The l4controller-aws container is in charge of ELB. It monitors services and updates load balancer whenever a service that publishes a port is created, updated, or removed. You'll see the ELB integration in action soon. For now, the important part to note is that we do not need to worry what happens when a node goes down nor we need to update security groups when a new port needs to be opened. ELB and l4controller-aws containers are making sure those things are always up-to-date.

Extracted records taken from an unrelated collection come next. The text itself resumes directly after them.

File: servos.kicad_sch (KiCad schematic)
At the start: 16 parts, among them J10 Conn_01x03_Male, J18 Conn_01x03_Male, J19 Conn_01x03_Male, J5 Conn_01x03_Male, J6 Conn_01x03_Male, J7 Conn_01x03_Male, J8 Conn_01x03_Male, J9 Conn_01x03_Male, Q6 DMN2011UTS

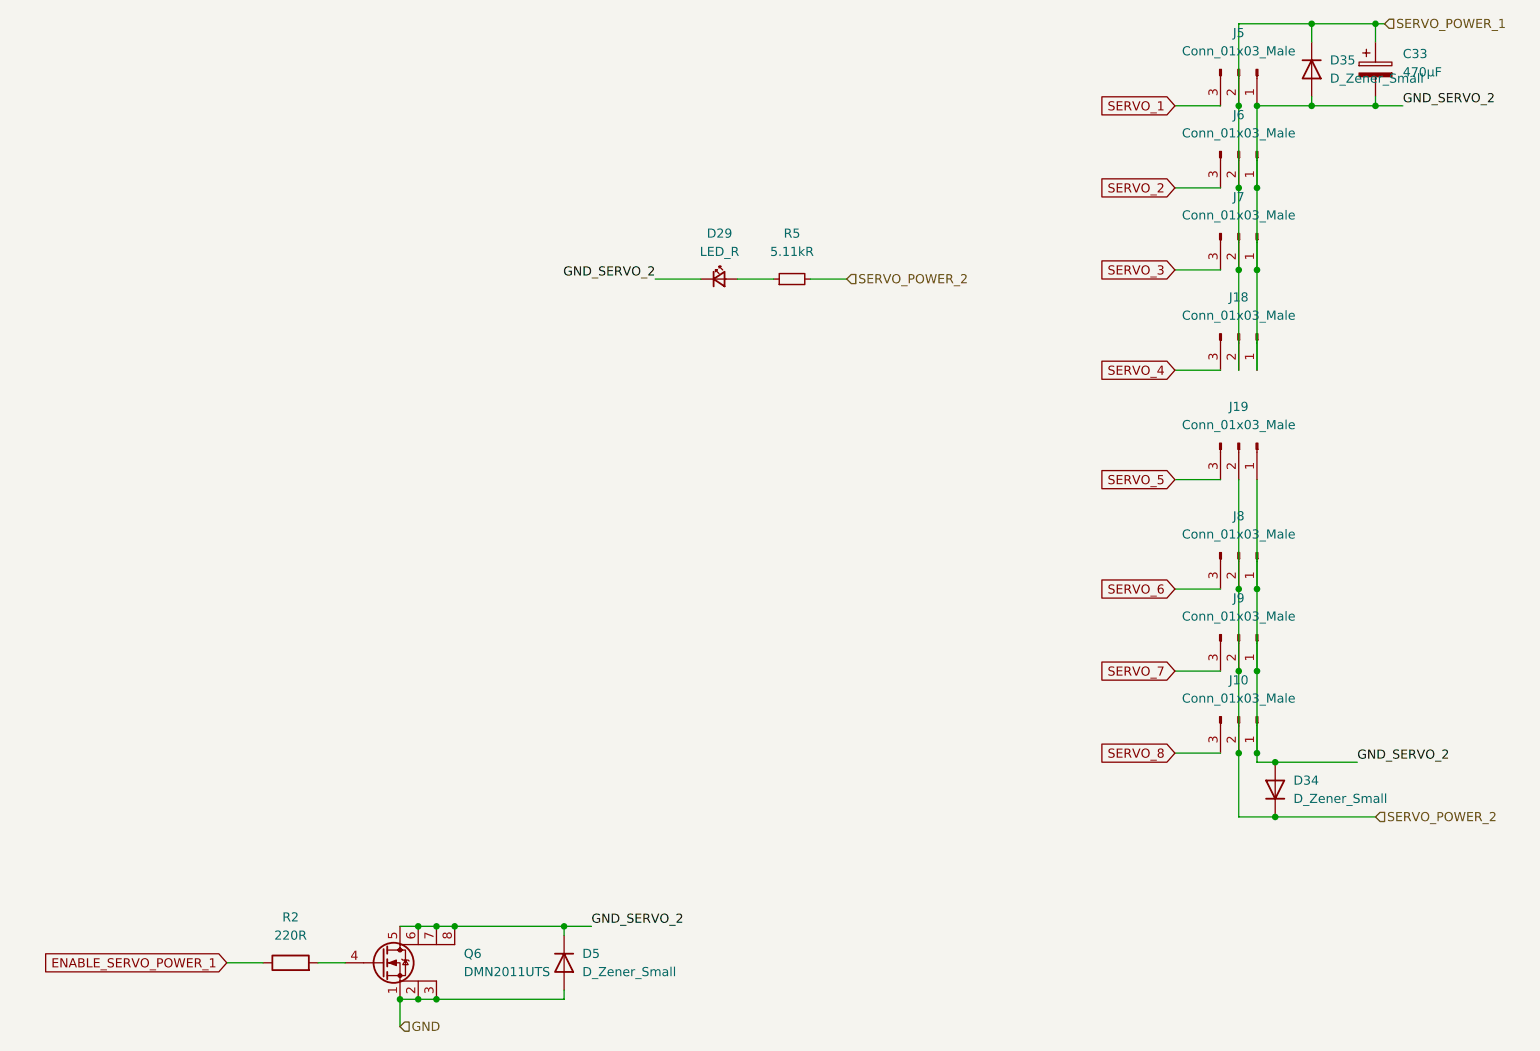
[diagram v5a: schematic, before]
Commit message: update BOM + add big capas (do not take DNP into account)
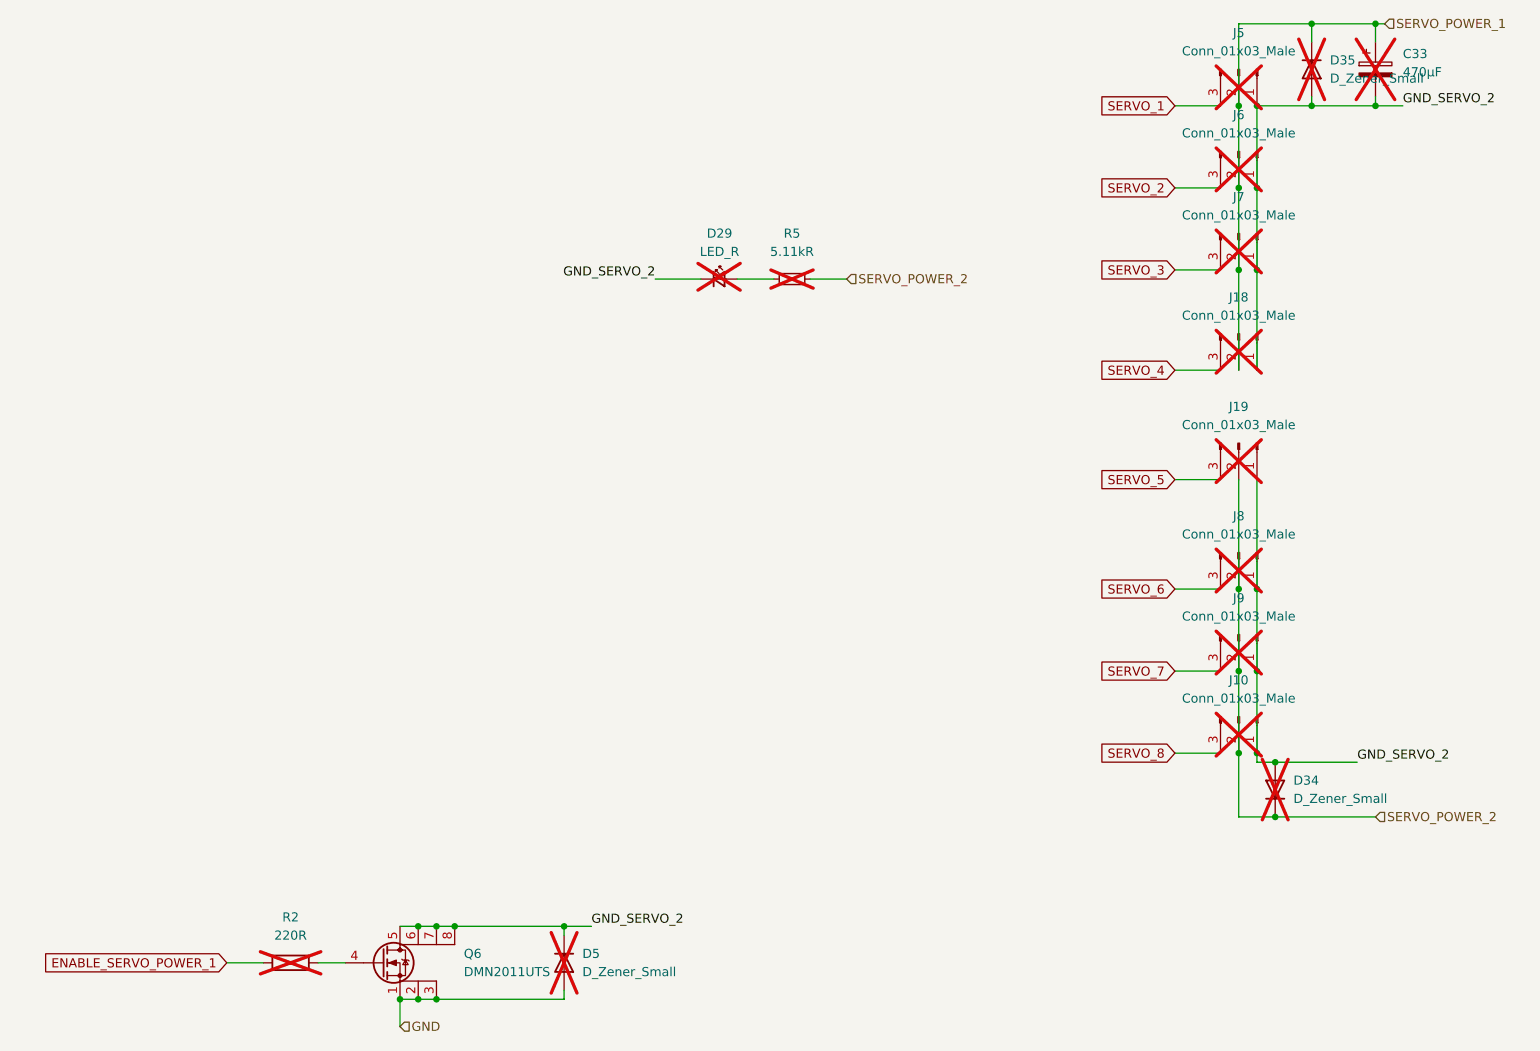
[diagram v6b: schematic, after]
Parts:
- C33, D29, D34, D35, D5, J10, J18, J19, J5, J6, J7, J8, J9, R2, R5: now not fitted
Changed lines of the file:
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@@
 		(in_bom yes)
 		(on_board yes)
-		(dnp no)
+		(dnp yes)
 		(fields_autoplaced yes)
 		(property "Reference" "D5"
@@
 		(in_bom yes)
 		(on_board yes)
-		(dnp no)
+		(dnp yes)
 		(fields_autoplaced yes)
 		(property "Reference" "J7"
@@
 		(in_bom yes)
 		(on_board yes)
-		(dnp no)
+		(dnp yes)
 		(property "Reference" "J19"
 			(at 210.82 99.06 90)
@@
 		(in_bom yes)
 		(on_board yes)
-		(dnp no)
+		(dnp yes)
 		(fields_autoplaced yes)
 		(property "Reference" "D29"
@@
 		(in_bom yes)
 		(on_board yes)
-		(dnp no)
+		(dnp yes)
 		(fields_autoplaced yes)
 		(property "Reference" "J5"
@@
 		(in_bom yes)
 		(on_board yes)
-		(dnp no)
+		(dnp yes)
 		(fields_autoplaced yes)
 		(property "Reference" "C33"
@@
 		(in_bom yes)
 		(on_board yes)
-		(dnp no)
+		(dnp yes)
 		(fields_autoplaced yes)
 		(property "Reference" "D34"
@@
 		(in_bom yes)
 		(on_board yes)
-		(dnp no)
+		(dnp yes)
 		(fields_autoplaced yes)
 		(property "Reference" "J6"
@@
 		(in_bom yes)
 		(on_board yes)
-		(dnp no)
+		(dnp yes)
 		(fields_autoplaced yes)
 		(property "Reference" "D35"
@@
 		(in_bom yes)
 		(on_board yes)
-		(dnp no)
+		(dnp yes)
 		(fields_autoplaced yes)
 		(property "Reference" "R5"
@@
 		(in_bom yes)
 		(on_board yes)
-		(dnp no)
+		(dnp yes)
 		(fields_autoplaced yes)
 		(property "Reference" "J10"
@@
 		(in_bom yes)
 		(on_board yes)
-		(dnp no)
+		(dnp yes)
 		(fields_autoplaced yes)
 		(property "Reference" "J18"
@@
 		(in_bom yes)
 		(on_board yes)
-		(dnp no)
+		(dnp yes)
 		(fields_autoplaced yes)
 		(property "Reference" "J9"
@@
 		(in_bom yes)
 		(on_board yes)
-		(dnp no)
+		(dnp yes)
 		(property "Reference" "J8"
 			(at 210.82 114.3 90)
@@
 		(in_bom yes)
 		(on_board yes)
-		(dnp no)
+		(dnp yes)
 		(fields_autoplaced yes)
 		(property "Reference" "R2"

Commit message: fix DNP (was just for checking what was to be bought)
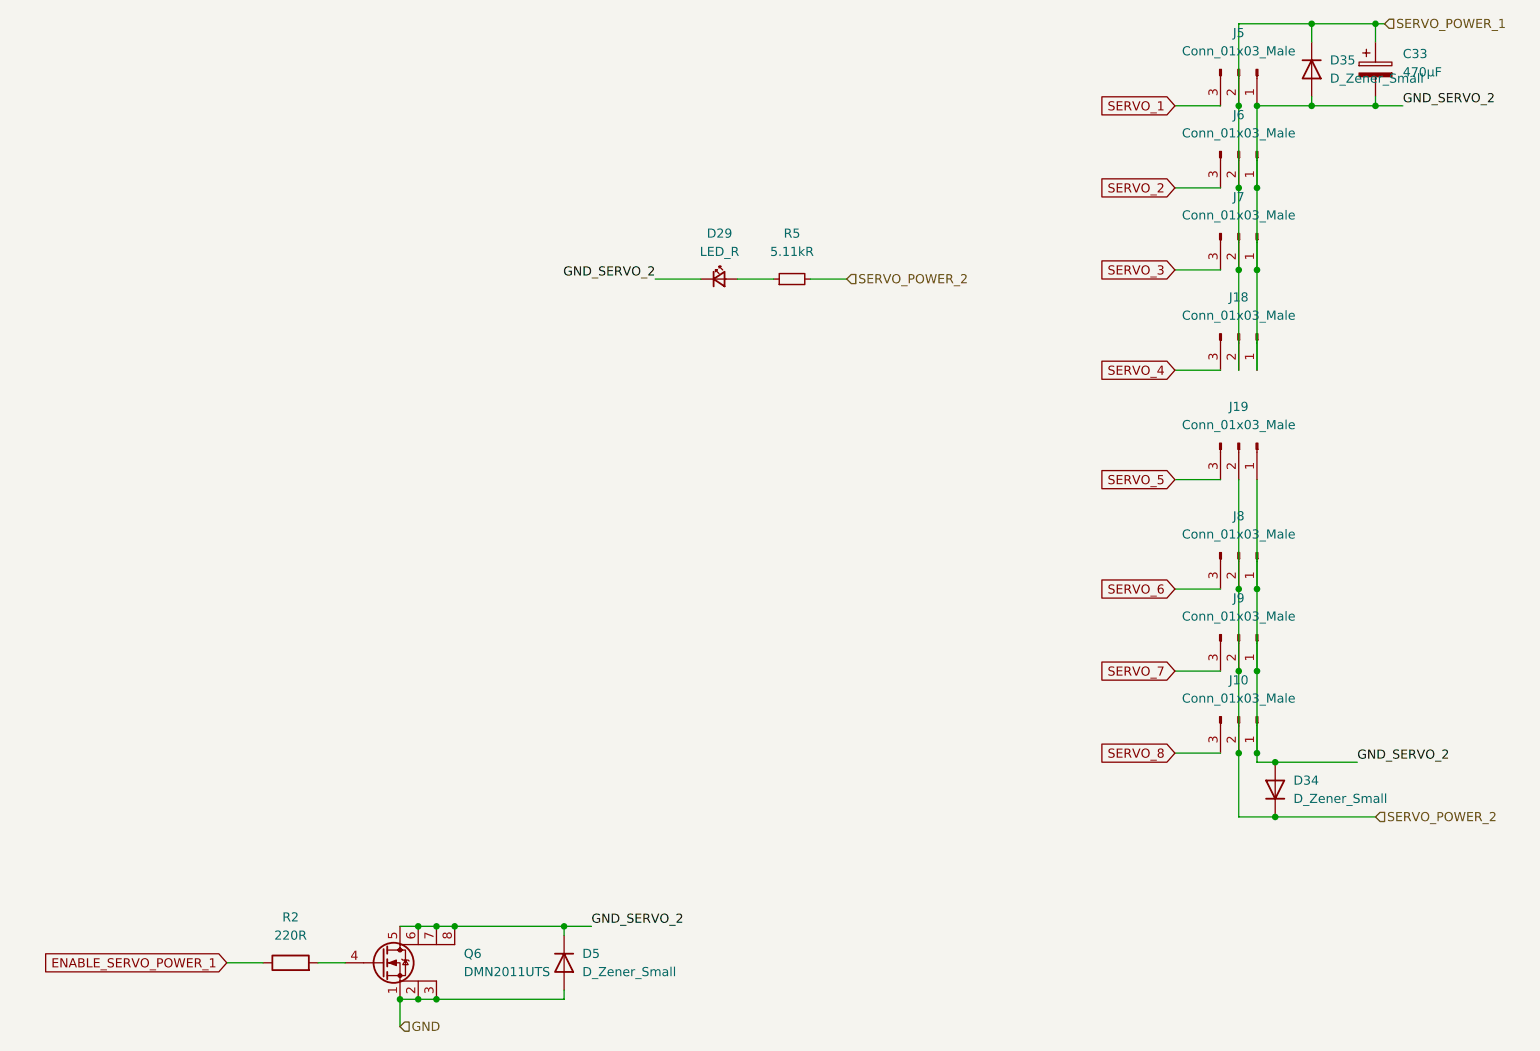
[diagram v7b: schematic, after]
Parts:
- C33, D29, D34, D35, D5, J10, J18, J19, J5, J6, J7, J8, J9, R2, R5: now fitted
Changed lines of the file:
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@@
 		(in_bom yes)
 		(on_board yes)
-		(dnp yes)
+		(dnp no)
 		(fields_autoplaced yes)
 		(property "Reference" "D5"
@@
 		(in_bom yes)
 		(on_board yes)
-		(dnp yes)
+		(dnp no)
 		(fields_autoplaced yes)
 		(property "Reference" "J7"
@@
 		(in_bom yes)
 		(on_board yes)
-		(dnp yes)
+		(dnp no)
 		(property "Reference" "J19"
 			(at 210.82 99.06 90)
@@
 		(in_bom yes)
 		(on_board yes)
-		(dnp yes)
+		(dnp no)
 		(fields_autoplaced yes)
 		(property "Reference" "D29"
@@
 		(in_bom yes)
 		(on_board yes)
-		(dnp yes)
+		(dnp no)
 		(fields_autoplaced yes)
 		(property "Reference" "J5"
@@
 		(in_bom yes)
 		(on_board yes)
-		(dnp yes)
+		(dnp no)
 		(fields_autoplaced yes)
 		(property "Reference" "C33"
@@
 		(in_bom yes)
 		(on_board yes)
-		(dnp yes)
+		(dnp no)
 		(fields_autoplaced yes)
 		(property "Reference" "D34"
@@
 		(in_bom yes)
 		(on_board yes)
-		(dnp yes)
+		(dnp no)
 		(fields_autoplaced yes)
 		(property "Reference" "J6"
@@
 		(in_bom yes)
 		(on_board yes)
-		(dnp yes)
+		(dnp no)
 		(fields_autoplaced yes)
 		(property "Reference" "D35"
@@
 		(in_bom yes)
 		(on_board yes)
-		(dnp yes)
+		(dnp no)
 		(fields_autoplaced yes)
 		(property "Reference" "R5"
@@
 		(in_bom yes)
 		(on_board yes)
-		(dnp yes)
+		(dnp no)
 		(fields_autoplaced yes)
 		(property "Reference" "J10"
@@
 		(in_bom yes)
 		(on_board yes)
-		(dnp yes)
+		(dnp no)
 		(fields_autoplaced yes)
 		(property "Reference" "J18"
@@
 		(in_bom yes)
 		(on_board yes)
-		(dnp yes)
+		(dnp no)
 		(fields_autoplaced yes)
 		(property "Reference" "J9"
@@
 		(in_bom yes)
 		(on_board yes)
-		(dnp yes)
+		(dnp no)
 		(property "Reference" "J8"
 			(at 210.82 114.3 90)
@@
 		(in_bom yes)
 		(on_board yes)
-		(dnp yes)
+		(dnp no)
 		(fields_autoplaced yes)
 		(property "Reference" "R2"

The meta-aws container provides general server metadata to the rest of the swarm cluster. Its main purpose is to provide tokens for members to join a Swarm cluster.
The guide-aws container is in charge of house keeping. It removes unused images, stopped containers, volumes, and so on. On top of those responsibilities, it updates Dynamo DB with information about managers and a few other things.
The shell-aws container provides Shell, FPT, SSH, and a few other essential tools. When we entered the node we're in right now, we actually entered this container. We're not running commands (that is, docker container ls) from the OS but from inside this container. The OS is so specialized that it does not even have SSH.
The lucid_leakey (your name might be different) is based on docker4x/init-aws might be the most interesting system container. It was run, did its job, and exited. It has only one purpose. It discovered the IP and the token of the primary manager and joined the node to the cluster. With that process in place, we can add more nodes whenever we need them knowing that they will join the cluster automatically. If a node fails, the auto-scaling group will create a new one which will, through this container, join the cluster.
We did not explore all of the features of the cluster. We'll postpone the discussion for the next chapter when we explore self-healing capabilities of the cluster and, later on, self-adaptation. Instead, we'll proceed by deploying the services we used in the previous chapters. The immediate goal is to reach the same state as the one we left in the previous chapter. The only real difference, for now, will be that the services will run on a production-ready cluster.